### TASK INSTRUCTIONS
Will you write out the data exactly, excluding every picture?

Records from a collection
──────────────────────────────

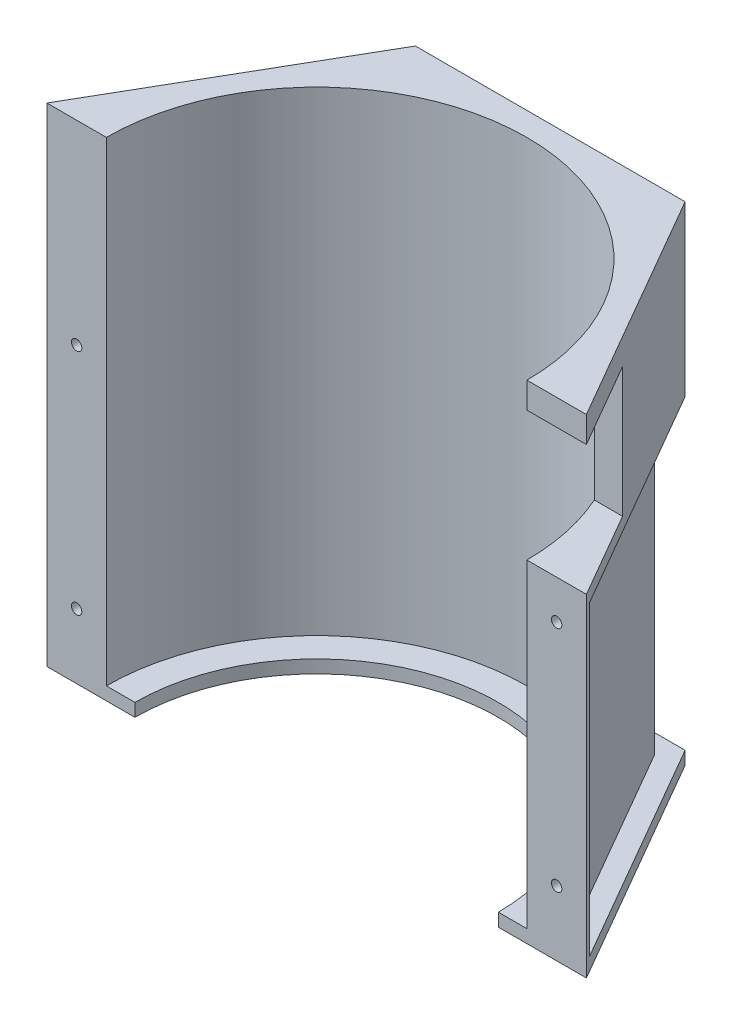
SolidWorks part; units mm, degrees
ref_plane "Front Plane" through (0, 0, 0) normal (0, 0, 1) x (1, 0, 0)
ref_plane "Top Plane" through (0, 0, 0) normal (0, 1, 0) x (1, 0, 0)
ref_plane "Right Plane" through (0, 0, 0) normal (1, 0, 0) x (0, 0, -1)
sketch "Sketch1" plane through (0, 0, 0) normal (0, 1, 0) x (1, 0, 0)
  line L0 (-103.923, 0) -> (-70, 0)
  line L1 (103.923, 0) -> (51.9615, 90)
  line L2 (51.9615, 90) -> (-51.9615, 90)
  line L3 (-51.9615, 90) -> (-103.923, 0)
  line L7 (70, 0) -> (103.923, 0)
  line L8 (51.9615, -90) -> (77.9423, -45) [skipped]
  line L9 (-51.9615, -90) -> (51.9615, -90) [skipped]
  line L10 (-103.923, 0) -> (-77.9423, -45) [skipped]
  arc A0 (70, 0) -> (-70, 0) centre (0, 0) ccw
  arc A2 (90, 0) -> (-90, 0) centre (0, 0) ccw construction
  dimension "D2" = 140
extrude "Boss-Extrude1" add sketch "Sketch1" along normal blind 5
sketch "Sketch2" plane through (0, 5, 0) normal (0, 1, 0) x (1, 0, 0)
  line L0 (-95.2628, 0) -> (-81, 0)
  line L1 (93.5307, 3) -> (47.6314, 82.5)
  line L2 (47.6314, 82.5) -> (-47.6314, 82.5)
  line L3 (-47.6314, 82.5) -> (-93.5307, 3)
  line L7 (81, 0) -> (95.2628, 0)
  line L8 (-71.4471, -41.25) -> (-47.6314, -82.5) [skipped]
  line L9 (-47.6314, -82.5) -> (47.6314, -82.5) [skipped]
  line L10 (71.4471, -41.25) -> (95.2628, 0) [skipped]
  line L11 (95.2628, 0) -> (103.923, 0)
  line L13 (102.191, 3) -> (93.5307, 3)
  line L14 (103.923, 0) -> (102.191, 3)
  line L15 (103.923, 0) -> (51.9615, 90) construction
  line L16 (-95.2628, 0) -> (-103.923, 0)
  line L18 (-102.191, 3) -> (-93.5307, 3)
  line L19 (-103.923, 0) -> (-102.191, 3)
  line L20 (-51.9615, 90) -> (-103.923, 0) construction
  arc A0 (81, 0) -> (-81, 0) centre (0, 0) ccw
  arc A2 (82.5, 0) -> (-82.5, 0) centre (0, 0) ccw construction
  dimension "D1" = 162
extrude "Boss-Extrude2" add sketch "Sketch2" along normal blind 118
sketch "Sketch3" plane through (0, 123, 0) normal (0, 1, 0) x (1, 0, 0)
  line L0 (-103.923, 0) -> (-81, 0)
  line L1 (103.923, 0) -> (51.9615, 90)
  line L2 (51.9615, 90) -> (-51.9615, 90)
  line L3 (-51.9615, 90) -> (-103.923, 0)
  line L7 (81, 0) -> (103.923, 0)
  line L8 (-51.9615, -90) -> (51.9615, -90) [skipped]
  line L9 (-77.9423, -45) -> (-51.9615, -90) [skipped]
  line L10 (77.9423, -45) -> (103.923, 0) [skipped]
  arc A0 (81, 0) -> (-81, 0) centre (0, 0) ccw
  arc A2 (90, 0) -> (-90, 0) centre (0, 0) ccw construction
  dimension "D1" = 162
extrude "Boss-Extrude3" add sketch "Sketch3" along normal blind 5
sketch "Sketch4" plane through (0, 128, 0) normal (0, 1, 0) x (1, 0, 0)
  line L1 (84.8705, 33) -> (73.973, 33)
  line L2 (-103.923, 0) -> (-81, 0)
  line L3 (-103.923, 0) -> (-51.9615, 90)
  line L4 (-51.9615, 90) -> (51.9615, 90)
  line L5 (51.9615, 90) -> (84.8705, 33)
  line L6 (103.923, 0) -> (51.9615, 90) construction
  arc A0 (81, 0) -> (-81, 0) centre (0, 0) ccw construction
  arc A1 (-81, 0) -> (73.973, 33) centre (0, 0) cw
extrude "Boss-Extrude4" add sketch "Sketch4" along normal blind 50
sketch "Sketch5" plane through (0, 178, 0) normal (0, 1, 0) x (1, 0, 0)
  line L0 (-103.923, 0) -> (-51.9615, 90)
  line L1 (-51.9615, 90) -> (51.9615, 90)
  line L2 (51.9615, 90) -> (103.923, 0)
  line L3 (103.923, 0) -> (81, 0)
  line L4 (-103.923, 0) -> (-81, 0)
  arc A0 (-81, 0) -> (81, 0) centre (0, 0) cw
extrude "Boss-Extrude5" add sketch "Sketch5" along normal blind 10
sketch "Sketch6" plane through (0, 0, 0) normal (0, 0, 1) x (1, 0, 0)
  line L0 (92.4615, 128) -> (92.4615, 113)
  line L1 (81, 128) -> (103.923, 128) construction
  line L3 (92.4615, 25) -> (92.4615, 0)
  line L4 (70, 0) -> (103.923, 0) construction
  line L5 (-92.4615, 188) -> (-92.4615, 113)
  line L6 (-103.923, 188) -> (-81, 188) construction
  line L8 (-92.4615, 25) -> (-92.4615, 0)
  line L9 (-103.923, 0) -> (-70, 0) construction
  circle A0 centre (92.4615, 113) radius 2
  circle A1 centre (92.4615, 25) radius 2
  circle A2 centre (-92.4615, 25) radius 2
  circle A3 centre (-92.4615, 113) radius 2
  dimension "D5" = 4
  dimension "D6" = 4
  dimension "D7" = 4
  dimension "D8" = 4
  dimension "D1" = 15
  dimension "D2" = 25
  dimension "D3" = 75
  dimension "D4" = 25
extrude "Cut-Extrude1" cut sketch "Sketch6" against normal blind 10
sketch "Sketch7" plane through (0, 0, 0) normal (0, -1, 0) x (1, 0, 0)
  line L0 (0, -90) -> (0, -85)
  line L1 (51.9615, -90) -> (-51.9615, -90) construction
  line L2 (0, -85) -> (30, -85)
  line L3 (0, -85) -> (-30, -85)
  circle A0 centre (-30, -85) radius 2
  circle A1 centre (30, -85) radius 2
  dimension "D4" = 4
  dimension "D5" = 4
  dimension "D1" = 5
  dimension "D2" = 30
  dimension "D3" = 30
extrude "Cut-Extrude2" cut sketch "Sketch7" against normal blind 10

──────────────────────────────

### RESPONSE BOX
SolidWorks part; units mm, degrees
ref_plane "Front Plane" through (0, 0, 0) normal (0, 0, 1) x (1, 0, 0)
ref_plane "Top Plane" through (0, 0, 0) normal (0, 1, 0) x (1, 0, 0)
ref_plane "Right Plane" through (0, 0, 0) normal (1, 0, 0) x (0, 0, -1)
sketch "Sketch1" plane through (0, 0, 0) normal (0, 1, 0) x (1, 0, 0)
  line L0 (-103.923, 0) -> (-70, 0)
  line L1 (103.923, 0) -> (51.9615, 90)
  line L2 (51.9615, 90) -> (-51.9615, 90)
  line L3 (-51.9615, 90) -> (-103.923, 0)
  line L7 (70, 0) -> (103.923, 0)
  line L8 (51.9615, -90) -> (77.9423, -45) [skipped]
  line L9 (-51.9615, -90) -> (51.9615, -90) [skipped]
  line L10 (-103.923, 0) -> (-77.9423, -45) [skipped]
  arc A0 (70, 0) -> (-70, 0) centre (0, 0) ccw
  arc A2 (90, 0) -> (-90, 0) centre (0, 0) ccw construction
  dimension "D2" = 140
extrude "Boss-Extrude1" add sketch "Sketch1" along normal blind 5
sketch "Sketch2" plane through (0, 5, 0) normal (0, 1, 0) x (1, 0, 0)
  line L0 (-95.2628, 0) -> (-81, 0)
  line L1 (93.5307, 3) -> (47.6314, 82.5)
  line L2 (47.6314, 82.5) -> (-47.6314, 82.5)
  line L3 (-47.6314, 82.5) -> (-93.5307, 3)
  line L7 (81, 0) -> (95.2628, 0)
  line L8 (-71.4471, -41.25) -> (-47.6314, -82.5) [skipped]
  line L9 (-47.6314, -82.5) -> (47.6314, -82.5) [skipped]
  line L10 (71.4471, -41.25) -> (95.2628, 0) [skipped]
  line L11 (95.2628, 0) -> (103.923, 0)
  line L13 (102.191, 3) -> (93.5307, 3)
  line L14 (103.923, 0) -> (102.191, 3)
  line L15 (103.923, 0) -> (51.9615, 90) construction
  line L16 (-95.2628, 0) -> (-103.923, 0)
  line L18 (-102.191, 3) -> (-93.5307, 3)
  line L19 (-103.923, 0) -> (-102.191, 3)
  line L20 (-51.9615, 90) -> (-103.923, 0) construction
  arc A0 (81, 0) -> (-81, 0) centre (0, 0) ccw
  arc A2 (82.5, 0) -> (-82.5, 0) centre (0, 0) ccw construction
  dimension "D1" = 162
extrude "Boss-Extrude2" add sketch "Sketch2" along normal blind 118
sketch "Sketch3" plane through (0, 123, 0) normal (0, 1, 0) x (1, 0, 0)
  line L0 (-103.923, 0) -> (-81, 0)
  line L1 (103.923, 0) -> (51.9615, 90)
  line L2 (51.9615, 90) -> (-51.9615, 90)
  line L3 (-51.9615, 90) -> (-103.923, 0)
  line L7 (81, 0) -> (103.923, 0)
  line L8 (-51.9615, -90) -> (51.9615, -90) [skipped]
  line L9 (-77.9423, -45) -> (-51.9615, -90) [skipped]
  line L10 (77.9423, -45) -> (103.923, 0) [skipped]
  arc A0 (81, 0) -> (-81, 0) centre (0, 0) ccw
  arc A2 (90, 0) -> (-90, 0) centre (0, 0) ccw construction
  dimension "D1" = 162
extrude "Boss-Extrude3" add sketch "Sketch3" along normal blind 5
sketch "Sketch4" plane through (0, 128, 0) normal (0, 1, 0) x (1, 0, 0)
  line L1 (84.8705, 33) -> (73.973, 33)
  line L2 (-103.923, 0) -> (-81, 0)
  line L3 (-103.923, 0) -> (-51.9615, 90)
  line L4 (-51.9615, 90) -> (51.9615, 90)
  line L5 (51.9615, 90) -> (84.8705, 33)
  line L6 (103.923, 0) -> (51.9615, 90) construction
  arc A0 (81, 0) -> (-81, 0) centre (0, 0) ccw construction
  arc A1 (-81, 0) -> (73.973, 33) centre (0, 0) cw
extrude "Boss-Extrude4" add sketch "Sketch4" along normal blind 50
sketch "Sketch5" plane through (0, 178, 0) normal (0, 1, 0) x (1, 0, 0)
  line L0 (-103.923, 0) -> (-51.9615, 90)
  line L1 (-51.9615, 90) -> (51.9615, 90)
  line L2 (51.9615, 90) -> (103.923, 0)
  line L3 (103.923, 0) -> (81, 0)
  line L4 (-103.923, 0) -> (-81, 0)
  arc A0 (-81, 0) -> (81, 0) centre (0, 0) cw
extrude "Boss-Extrude5" add sketch "Sketch5" along normal blind 10
sketch "Sketch6" plane through (0, 0, 0) normal (0, 0, 1) x (1, 0, 0)
  line L0 (92.4615, 128) -> (92.4615, 113)
  line L1 (81, 128) -> (103.923, 128) construction
  line L3 (92.4615, 25) -> (92.4615, 0)
  line L4 (70, 0) -> (103.923, 0) construction
  line L5 (-92.4615, 188) -> (-92.4615, 113)
  line L6 (-103.923, 188) -> (-81, 188) construction
  line L8 (-92.4615, 25) -> (-92.4615, 0)
  line L9 (-103.923, 0) -> (-70, 0) construction
  circle A0 centre (92.4615, 113) radius 2
  circle A1 centre (92.4615, 25) radius 2
  circle A2 centre (-92.4615, 25) radius 2
  circle A3 centre (-92.4615, 113) radius 2
  dimension "D5" = 4
  dimension "D6" = 4
  dimension "D7" = 4
  dimension "D8" = 4
  dimension "D1" = 15
  dimension "D2" = 25
  dimension "D3" = 75
  dimension "D4" = 25
extrude "Cut-Extrude1" cut sketch "Sketch6" against normal blind 10
sketch "Sketch7" plane through (0, 0, 0) normal (0, -1, 0) x (1, 0, 0)
  line L0 (0, -90) -> (0, -85)
  line L1 (51.9615, -90) -> (-51.9615, -90) construction
  line L2 (0, -85) -> (30, -85)
  line L3 (0, -85) -> (-30, -85)
  circle A0 centre (-30, -85) radius 2
  circle A1 centre (30, -85) radius 2
  dimension "D4" = 4
  dimension "D5" = 4
  dimension "D1" = 5
  dimension "D2" = 30
  dimension "D3" = 30
extrude "Cut-Extrude2" cut sketch "Sketch7" against normal blind 10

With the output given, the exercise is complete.